**Stored entries:**
▬▬▬▬▬▬▬▬▬▬

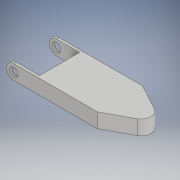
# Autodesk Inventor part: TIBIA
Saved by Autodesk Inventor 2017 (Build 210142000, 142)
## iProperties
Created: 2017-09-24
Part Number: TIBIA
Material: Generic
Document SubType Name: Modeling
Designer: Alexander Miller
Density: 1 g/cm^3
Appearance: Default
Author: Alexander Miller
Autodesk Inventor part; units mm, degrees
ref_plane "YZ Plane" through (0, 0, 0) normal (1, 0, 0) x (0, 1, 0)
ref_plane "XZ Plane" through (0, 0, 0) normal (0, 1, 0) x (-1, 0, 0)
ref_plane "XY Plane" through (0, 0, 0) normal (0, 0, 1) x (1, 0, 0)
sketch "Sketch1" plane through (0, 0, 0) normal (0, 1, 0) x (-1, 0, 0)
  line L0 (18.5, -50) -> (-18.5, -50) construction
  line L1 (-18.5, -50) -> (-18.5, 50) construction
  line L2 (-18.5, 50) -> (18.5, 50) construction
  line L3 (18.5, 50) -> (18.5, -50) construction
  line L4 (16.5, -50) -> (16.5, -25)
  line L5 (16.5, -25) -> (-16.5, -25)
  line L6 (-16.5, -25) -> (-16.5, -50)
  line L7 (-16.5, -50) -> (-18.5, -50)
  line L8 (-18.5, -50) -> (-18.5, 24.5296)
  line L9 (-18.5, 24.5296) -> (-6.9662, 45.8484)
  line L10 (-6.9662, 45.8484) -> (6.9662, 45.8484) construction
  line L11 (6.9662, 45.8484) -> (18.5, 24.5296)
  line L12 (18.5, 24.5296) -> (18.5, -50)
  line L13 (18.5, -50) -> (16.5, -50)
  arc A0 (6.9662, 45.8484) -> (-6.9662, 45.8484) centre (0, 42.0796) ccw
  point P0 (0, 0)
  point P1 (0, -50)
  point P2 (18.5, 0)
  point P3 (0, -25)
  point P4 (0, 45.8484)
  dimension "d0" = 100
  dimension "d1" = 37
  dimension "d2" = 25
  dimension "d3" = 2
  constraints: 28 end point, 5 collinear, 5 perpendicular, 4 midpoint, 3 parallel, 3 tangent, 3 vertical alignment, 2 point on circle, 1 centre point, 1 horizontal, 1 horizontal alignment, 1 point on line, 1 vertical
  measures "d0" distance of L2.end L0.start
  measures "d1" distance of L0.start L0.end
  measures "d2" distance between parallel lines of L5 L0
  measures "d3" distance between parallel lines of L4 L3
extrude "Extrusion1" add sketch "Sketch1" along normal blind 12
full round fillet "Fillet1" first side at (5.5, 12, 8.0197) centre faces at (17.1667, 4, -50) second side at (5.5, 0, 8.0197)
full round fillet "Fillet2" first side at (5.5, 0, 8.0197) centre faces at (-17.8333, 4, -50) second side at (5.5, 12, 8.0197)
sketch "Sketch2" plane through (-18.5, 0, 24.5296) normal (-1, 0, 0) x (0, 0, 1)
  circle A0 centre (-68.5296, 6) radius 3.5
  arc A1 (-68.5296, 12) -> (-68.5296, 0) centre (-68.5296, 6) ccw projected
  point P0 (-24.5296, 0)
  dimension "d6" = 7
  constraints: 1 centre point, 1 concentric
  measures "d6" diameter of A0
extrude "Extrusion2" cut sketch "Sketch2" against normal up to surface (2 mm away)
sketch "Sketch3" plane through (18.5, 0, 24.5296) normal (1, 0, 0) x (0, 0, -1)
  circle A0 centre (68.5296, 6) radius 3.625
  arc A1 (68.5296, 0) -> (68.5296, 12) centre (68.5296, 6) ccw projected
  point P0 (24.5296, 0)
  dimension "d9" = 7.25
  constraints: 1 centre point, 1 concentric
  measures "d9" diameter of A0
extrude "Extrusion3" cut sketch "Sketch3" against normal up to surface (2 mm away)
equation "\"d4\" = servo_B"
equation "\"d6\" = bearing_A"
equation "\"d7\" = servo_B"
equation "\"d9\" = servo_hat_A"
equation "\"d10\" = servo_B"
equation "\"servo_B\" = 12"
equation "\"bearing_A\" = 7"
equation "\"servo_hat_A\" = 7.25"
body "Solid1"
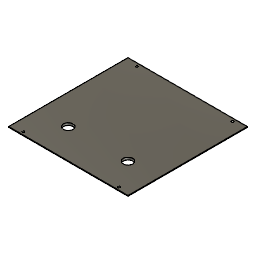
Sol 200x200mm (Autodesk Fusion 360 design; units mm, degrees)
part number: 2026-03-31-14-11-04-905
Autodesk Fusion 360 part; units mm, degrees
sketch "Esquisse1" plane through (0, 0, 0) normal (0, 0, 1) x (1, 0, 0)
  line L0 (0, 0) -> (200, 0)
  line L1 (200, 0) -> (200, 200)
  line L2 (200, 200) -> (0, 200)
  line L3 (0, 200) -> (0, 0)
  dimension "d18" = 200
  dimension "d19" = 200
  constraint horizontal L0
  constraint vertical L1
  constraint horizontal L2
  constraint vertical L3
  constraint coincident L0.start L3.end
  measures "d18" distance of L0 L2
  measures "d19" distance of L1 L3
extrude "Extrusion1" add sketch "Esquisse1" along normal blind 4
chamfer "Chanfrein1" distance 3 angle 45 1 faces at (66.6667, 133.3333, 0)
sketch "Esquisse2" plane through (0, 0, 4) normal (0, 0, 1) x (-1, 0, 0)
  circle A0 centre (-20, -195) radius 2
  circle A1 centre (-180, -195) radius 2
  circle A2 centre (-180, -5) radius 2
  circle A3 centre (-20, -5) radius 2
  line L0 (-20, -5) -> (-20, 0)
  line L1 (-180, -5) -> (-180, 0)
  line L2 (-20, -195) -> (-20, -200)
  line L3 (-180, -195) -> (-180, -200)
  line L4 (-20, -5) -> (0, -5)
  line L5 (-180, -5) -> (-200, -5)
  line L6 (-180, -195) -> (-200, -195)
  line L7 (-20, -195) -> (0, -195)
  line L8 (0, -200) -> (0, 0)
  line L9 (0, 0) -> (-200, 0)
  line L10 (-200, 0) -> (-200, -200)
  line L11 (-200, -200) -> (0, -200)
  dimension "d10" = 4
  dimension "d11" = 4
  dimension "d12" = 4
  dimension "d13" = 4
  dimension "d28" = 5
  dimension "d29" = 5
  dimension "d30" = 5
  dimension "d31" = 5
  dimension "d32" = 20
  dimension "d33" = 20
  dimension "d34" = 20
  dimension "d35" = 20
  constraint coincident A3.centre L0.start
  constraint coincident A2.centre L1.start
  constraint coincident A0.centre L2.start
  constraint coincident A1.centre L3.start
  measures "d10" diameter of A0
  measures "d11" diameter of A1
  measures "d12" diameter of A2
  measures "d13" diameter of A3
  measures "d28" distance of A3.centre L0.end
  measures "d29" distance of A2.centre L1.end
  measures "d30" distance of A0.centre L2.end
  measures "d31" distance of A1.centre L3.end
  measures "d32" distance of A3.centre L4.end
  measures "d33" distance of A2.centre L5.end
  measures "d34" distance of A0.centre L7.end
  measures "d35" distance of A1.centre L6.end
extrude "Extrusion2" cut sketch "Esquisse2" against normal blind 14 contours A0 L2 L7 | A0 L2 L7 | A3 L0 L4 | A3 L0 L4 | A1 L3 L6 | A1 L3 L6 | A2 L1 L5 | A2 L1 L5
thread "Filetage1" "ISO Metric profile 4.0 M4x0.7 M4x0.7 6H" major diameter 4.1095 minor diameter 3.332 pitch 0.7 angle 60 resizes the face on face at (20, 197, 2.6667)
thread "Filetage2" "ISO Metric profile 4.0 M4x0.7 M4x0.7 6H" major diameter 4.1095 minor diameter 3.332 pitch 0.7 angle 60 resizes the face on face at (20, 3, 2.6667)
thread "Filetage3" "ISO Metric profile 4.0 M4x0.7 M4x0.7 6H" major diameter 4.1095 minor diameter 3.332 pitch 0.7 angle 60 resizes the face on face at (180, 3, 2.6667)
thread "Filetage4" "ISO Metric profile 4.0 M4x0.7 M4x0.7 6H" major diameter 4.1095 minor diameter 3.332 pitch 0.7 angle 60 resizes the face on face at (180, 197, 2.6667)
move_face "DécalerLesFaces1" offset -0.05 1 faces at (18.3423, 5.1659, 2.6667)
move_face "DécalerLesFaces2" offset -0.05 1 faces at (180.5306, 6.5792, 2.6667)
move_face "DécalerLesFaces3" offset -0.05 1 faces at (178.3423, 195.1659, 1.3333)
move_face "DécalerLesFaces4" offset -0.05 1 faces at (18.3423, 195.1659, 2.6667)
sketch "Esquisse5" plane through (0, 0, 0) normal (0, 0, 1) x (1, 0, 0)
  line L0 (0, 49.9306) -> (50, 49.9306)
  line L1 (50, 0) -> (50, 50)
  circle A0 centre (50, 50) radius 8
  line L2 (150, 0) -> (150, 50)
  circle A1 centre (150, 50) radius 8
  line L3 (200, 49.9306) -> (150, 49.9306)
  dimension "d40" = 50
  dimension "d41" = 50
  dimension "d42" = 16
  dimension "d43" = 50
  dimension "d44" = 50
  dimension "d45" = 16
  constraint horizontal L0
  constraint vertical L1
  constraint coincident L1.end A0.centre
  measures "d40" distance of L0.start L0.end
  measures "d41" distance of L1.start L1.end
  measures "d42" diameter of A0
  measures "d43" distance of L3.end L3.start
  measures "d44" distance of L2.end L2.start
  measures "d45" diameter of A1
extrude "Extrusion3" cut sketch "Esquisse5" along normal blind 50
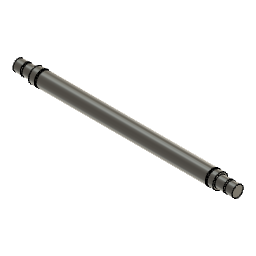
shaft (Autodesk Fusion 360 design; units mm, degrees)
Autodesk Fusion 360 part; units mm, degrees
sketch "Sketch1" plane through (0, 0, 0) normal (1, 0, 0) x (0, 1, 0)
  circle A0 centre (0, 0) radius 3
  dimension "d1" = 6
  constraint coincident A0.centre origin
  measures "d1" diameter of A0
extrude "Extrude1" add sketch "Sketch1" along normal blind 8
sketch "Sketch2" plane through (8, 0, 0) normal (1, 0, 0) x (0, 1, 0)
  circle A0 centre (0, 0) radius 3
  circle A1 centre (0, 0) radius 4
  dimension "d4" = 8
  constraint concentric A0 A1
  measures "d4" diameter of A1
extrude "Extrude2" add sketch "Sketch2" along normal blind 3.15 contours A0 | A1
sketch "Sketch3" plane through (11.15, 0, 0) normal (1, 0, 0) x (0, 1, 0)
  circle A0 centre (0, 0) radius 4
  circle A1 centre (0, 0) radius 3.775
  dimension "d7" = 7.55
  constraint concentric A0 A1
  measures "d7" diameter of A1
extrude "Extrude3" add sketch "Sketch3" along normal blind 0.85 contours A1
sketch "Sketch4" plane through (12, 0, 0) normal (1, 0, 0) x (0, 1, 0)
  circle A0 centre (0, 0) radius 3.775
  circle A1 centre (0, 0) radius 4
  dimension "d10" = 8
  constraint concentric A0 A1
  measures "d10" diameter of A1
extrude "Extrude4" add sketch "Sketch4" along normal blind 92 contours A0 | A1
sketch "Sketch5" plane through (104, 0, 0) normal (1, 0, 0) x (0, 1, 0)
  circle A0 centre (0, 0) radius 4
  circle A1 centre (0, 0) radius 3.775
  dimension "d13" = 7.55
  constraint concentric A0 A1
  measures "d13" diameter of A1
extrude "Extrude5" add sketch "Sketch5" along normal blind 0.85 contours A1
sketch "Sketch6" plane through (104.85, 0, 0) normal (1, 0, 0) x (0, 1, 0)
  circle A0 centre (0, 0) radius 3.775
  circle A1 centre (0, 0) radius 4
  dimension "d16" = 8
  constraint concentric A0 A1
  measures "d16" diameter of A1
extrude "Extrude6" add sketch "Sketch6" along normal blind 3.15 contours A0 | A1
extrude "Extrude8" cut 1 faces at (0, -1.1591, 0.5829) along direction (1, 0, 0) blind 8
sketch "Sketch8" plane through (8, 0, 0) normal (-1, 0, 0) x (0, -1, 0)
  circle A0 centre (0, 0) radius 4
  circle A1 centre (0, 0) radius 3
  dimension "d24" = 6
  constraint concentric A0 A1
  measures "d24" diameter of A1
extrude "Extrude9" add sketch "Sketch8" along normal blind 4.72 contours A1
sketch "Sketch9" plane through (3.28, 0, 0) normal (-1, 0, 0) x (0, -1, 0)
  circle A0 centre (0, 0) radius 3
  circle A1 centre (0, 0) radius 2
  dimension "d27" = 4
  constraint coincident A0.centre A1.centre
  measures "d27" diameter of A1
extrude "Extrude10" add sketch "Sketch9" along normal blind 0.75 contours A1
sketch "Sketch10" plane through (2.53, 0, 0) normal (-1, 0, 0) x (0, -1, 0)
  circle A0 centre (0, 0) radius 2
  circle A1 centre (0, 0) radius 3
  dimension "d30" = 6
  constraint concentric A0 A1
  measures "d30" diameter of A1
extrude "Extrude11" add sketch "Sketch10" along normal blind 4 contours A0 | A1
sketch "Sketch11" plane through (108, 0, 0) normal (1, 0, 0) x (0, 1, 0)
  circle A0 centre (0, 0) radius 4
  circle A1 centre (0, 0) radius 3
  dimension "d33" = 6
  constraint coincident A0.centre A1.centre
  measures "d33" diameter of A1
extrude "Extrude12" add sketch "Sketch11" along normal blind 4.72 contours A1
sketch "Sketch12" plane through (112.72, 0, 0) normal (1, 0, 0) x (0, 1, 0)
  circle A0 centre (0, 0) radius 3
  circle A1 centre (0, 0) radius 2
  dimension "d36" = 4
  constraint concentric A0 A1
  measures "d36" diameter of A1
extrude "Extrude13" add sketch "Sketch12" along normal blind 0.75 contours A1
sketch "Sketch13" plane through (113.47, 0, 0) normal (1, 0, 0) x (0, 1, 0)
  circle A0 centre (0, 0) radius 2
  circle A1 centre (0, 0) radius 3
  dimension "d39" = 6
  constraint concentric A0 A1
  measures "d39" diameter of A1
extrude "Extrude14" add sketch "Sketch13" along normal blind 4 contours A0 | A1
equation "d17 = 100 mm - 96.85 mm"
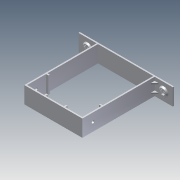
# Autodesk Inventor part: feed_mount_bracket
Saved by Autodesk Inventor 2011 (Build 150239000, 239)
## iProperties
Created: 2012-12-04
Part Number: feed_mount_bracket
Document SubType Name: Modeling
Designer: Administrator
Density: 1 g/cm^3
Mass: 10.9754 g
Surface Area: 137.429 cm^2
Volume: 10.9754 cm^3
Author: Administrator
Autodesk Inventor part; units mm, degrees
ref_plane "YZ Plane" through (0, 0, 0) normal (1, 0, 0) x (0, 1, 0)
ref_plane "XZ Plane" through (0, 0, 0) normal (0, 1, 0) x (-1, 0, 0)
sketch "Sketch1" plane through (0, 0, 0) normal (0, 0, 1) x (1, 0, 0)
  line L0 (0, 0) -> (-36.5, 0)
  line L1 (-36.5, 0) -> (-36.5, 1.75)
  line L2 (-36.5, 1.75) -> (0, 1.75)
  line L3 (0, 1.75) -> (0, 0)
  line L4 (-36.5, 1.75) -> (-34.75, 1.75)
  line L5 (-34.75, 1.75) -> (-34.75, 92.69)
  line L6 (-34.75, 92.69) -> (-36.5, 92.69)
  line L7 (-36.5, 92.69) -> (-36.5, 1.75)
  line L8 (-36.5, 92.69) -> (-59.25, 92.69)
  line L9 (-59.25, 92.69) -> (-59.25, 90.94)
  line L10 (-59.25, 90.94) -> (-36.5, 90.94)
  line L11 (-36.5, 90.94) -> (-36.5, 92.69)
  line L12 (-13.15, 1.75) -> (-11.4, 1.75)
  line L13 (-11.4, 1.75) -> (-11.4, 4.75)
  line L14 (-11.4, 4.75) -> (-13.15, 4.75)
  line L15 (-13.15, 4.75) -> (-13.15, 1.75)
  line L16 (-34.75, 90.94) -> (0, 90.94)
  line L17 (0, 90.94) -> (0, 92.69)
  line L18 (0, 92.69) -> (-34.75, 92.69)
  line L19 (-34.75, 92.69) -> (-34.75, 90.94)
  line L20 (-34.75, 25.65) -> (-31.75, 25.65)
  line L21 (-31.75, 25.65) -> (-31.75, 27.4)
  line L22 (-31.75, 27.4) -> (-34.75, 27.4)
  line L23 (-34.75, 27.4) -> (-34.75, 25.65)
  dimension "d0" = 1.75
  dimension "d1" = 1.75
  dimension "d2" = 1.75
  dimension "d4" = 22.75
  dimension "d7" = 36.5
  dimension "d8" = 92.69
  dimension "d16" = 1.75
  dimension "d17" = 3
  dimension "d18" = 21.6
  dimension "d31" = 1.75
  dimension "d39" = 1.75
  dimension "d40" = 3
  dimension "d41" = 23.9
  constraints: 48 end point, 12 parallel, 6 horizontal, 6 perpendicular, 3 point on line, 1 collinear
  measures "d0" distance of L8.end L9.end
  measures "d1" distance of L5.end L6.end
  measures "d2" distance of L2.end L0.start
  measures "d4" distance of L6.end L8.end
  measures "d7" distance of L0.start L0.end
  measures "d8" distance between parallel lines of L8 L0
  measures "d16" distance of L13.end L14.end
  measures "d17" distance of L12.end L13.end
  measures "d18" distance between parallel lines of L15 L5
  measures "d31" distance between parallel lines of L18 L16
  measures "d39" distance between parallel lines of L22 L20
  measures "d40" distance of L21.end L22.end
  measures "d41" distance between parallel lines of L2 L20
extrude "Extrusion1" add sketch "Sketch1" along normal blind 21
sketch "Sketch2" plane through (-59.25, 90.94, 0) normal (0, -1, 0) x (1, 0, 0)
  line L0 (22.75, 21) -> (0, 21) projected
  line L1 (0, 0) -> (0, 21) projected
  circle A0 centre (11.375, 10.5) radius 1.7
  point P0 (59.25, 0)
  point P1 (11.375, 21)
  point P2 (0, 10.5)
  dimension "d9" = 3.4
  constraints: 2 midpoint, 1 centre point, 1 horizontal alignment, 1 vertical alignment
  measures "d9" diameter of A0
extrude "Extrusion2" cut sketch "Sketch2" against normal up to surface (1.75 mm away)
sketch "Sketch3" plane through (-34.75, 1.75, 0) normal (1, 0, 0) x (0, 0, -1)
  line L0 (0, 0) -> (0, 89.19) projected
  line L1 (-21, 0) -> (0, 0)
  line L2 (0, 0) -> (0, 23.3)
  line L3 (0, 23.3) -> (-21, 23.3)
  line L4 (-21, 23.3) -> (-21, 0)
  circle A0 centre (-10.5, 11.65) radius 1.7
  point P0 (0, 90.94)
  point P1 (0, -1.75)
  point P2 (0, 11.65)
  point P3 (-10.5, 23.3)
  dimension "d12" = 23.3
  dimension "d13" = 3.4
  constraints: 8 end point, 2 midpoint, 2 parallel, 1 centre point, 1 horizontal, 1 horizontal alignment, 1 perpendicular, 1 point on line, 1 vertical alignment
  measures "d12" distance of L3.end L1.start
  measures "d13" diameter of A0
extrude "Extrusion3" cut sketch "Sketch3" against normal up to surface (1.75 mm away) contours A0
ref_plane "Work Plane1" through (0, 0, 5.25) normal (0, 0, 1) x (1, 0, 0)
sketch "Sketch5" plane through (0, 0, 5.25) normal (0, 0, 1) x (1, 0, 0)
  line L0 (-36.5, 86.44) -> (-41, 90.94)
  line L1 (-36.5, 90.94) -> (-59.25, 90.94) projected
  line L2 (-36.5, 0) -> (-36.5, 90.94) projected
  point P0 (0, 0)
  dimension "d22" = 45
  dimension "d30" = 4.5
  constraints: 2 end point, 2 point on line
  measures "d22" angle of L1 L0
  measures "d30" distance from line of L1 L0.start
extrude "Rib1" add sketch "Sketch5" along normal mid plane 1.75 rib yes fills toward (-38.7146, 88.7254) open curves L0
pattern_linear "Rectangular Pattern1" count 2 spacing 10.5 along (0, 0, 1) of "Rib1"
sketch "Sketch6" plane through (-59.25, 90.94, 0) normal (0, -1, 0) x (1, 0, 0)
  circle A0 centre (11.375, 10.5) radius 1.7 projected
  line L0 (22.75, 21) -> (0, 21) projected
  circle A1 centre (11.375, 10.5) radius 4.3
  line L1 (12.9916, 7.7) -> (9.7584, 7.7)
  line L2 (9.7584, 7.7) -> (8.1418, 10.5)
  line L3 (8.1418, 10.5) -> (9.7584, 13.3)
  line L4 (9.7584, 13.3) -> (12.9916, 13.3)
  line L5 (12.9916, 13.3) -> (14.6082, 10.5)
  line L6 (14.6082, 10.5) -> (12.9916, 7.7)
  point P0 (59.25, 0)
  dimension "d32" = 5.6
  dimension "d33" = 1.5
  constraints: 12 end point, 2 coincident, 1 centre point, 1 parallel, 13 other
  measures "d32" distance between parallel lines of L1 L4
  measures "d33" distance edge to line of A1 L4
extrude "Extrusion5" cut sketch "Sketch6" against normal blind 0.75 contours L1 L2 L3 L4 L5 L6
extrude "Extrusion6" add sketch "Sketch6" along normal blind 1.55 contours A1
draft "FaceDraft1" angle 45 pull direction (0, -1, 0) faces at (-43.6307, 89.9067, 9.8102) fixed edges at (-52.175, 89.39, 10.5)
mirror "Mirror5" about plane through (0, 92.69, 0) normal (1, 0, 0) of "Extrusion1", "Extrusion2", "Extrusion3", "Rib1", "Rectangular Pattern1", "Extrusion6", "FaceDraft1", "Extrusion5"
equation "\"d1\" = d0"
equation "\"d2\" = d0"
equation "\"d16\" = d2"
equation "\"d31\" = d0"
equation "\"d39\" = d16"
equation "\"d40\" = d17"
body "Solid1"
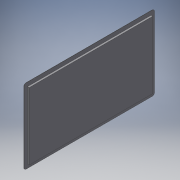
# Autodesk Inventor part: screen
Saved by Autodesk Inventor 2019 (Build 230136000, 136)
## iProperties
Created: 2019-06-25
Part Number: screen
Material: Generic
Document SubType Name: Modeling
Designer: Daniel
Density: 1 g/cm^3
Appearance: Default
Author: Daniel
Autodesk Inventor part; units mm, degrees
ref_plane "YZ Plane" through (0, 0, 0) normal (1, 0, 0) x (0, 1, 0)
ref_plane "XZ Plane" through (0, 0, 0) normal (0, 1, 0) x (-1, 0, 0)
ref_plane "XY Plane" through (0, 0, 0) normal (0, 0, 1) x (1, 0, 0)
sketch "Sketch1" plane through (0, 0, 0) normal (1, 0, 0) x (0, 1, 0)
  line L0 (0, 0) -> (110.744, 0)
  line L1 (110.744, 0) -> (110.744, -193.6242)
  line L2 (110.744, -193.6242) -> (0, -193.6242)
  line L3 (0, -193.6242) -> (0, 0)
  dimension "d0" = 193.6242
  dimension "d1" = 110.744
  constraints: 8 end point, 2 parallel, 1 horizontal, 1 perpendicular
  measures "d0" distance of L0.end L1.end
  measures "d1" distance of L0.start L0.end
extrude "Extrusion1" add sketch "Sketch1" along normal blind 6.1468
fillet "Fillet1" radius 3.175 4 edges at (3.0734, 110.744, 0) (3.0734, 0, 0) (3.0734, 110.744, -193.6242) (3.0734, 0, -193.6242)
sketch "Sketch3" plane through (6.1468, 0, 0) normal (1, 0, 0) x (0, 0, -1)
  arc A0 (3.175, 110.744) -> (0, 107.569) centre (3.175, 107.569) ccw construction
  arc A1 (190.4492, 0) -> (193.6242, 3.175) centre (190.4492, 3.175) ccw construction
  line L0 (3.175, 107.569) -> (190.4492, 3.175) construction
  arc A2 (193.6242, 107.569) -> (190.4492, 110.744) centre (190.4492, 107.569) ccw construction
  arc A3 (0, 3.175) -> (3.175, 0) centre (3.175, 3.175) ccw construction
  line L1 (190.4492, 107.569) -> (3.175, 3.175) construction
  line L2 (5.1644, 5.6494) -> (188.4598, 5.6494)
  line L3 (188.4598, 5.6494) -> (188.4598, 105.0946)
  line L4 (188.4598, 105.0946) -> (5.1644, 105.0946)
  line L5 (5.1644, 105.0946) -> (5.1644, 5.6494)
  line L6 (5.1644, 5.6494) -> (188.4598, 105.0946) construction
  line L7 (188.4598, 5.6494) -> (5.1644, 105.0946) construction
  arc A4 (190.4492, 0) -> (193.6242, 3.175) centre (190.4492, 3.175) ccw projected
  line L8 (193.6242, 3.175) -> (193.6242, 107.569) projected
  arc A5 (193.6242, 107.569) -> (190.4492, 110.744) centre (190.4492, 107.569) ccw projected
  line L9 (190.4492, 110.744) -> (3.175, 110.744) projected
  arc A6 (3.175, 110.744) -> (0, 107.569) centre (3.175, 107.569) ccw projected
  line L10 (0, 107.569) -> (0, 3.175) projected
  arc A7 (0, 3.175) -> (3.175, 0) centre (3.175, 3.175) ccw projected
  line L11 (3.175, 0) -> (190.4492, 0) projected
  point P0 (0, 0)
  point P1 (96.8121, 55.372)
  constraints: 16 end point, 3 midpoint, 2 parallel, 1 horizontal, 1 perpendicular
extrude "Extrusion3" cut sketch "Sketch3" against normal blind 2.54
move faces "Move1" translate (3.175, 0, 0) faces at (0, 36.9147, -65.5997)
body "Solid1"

▬▬▬▬▬▬▬▬▬▬

**Assigned task:** From the entries above, extract only the lines running from the one containing "circle A1 centre (-180, -195) radius 2" through the one containing "of A3.centre L0.end", inclusive.

**Exercise answer:**
  circle A1 centre (-180, -195) radius 2
  circle A2 centre (-180, -5) radius 2
  circle A3 centre (-20, -5) radius 2
  line L0 (-20, -5) -> (-20, 0)
  line L1 (-180, -5) -> (-180, 0)
  line L2 (-20, -195) -> (-20, -200)
  line L3 (-180, -195) -> (-180, -200)
  line L4 (-20, -5) -> (0, -5)
  line L5 (-180, -5) -> (-200, -5)
  line L6 (-180, -195) -> (-200, -195)
  line L7 (-20, -195) -> (0, -195)
  line L8 (0, -200) -> (0, 0)
  line L9 (0, 0) -> (-200, 0)
  line L10 (-200, 0) -> (-200, -200)
  line L11 (-200, -200) -> (0, -200)
  dimension "d10" = 4
  dimension "d11" = 4
  dimension "d12" = 4
  dimension "d13" = 4
  dimension "d28" = 5
  dimension "d29" = 5
  dimension "d30" = 5
  dimension "d31" = 5
  dimension "d32" = 20
  dimension "d33" = 20
  dimension "d34" = 20
  dimension "d35" = 20
  constraint coincident A3.centre L0.start
  constraint coincident A2.centre L1.start
  constraint coincident A0.centre L2.start
  constraint coincident A1.centre L3.start
  measures "d10" diameter of A0
  measures "d11" diameter of A1
  measures "d12" diameter of A2
  measures "d13" diameter of A3
  measures "d28" distance of A3.centre L0.end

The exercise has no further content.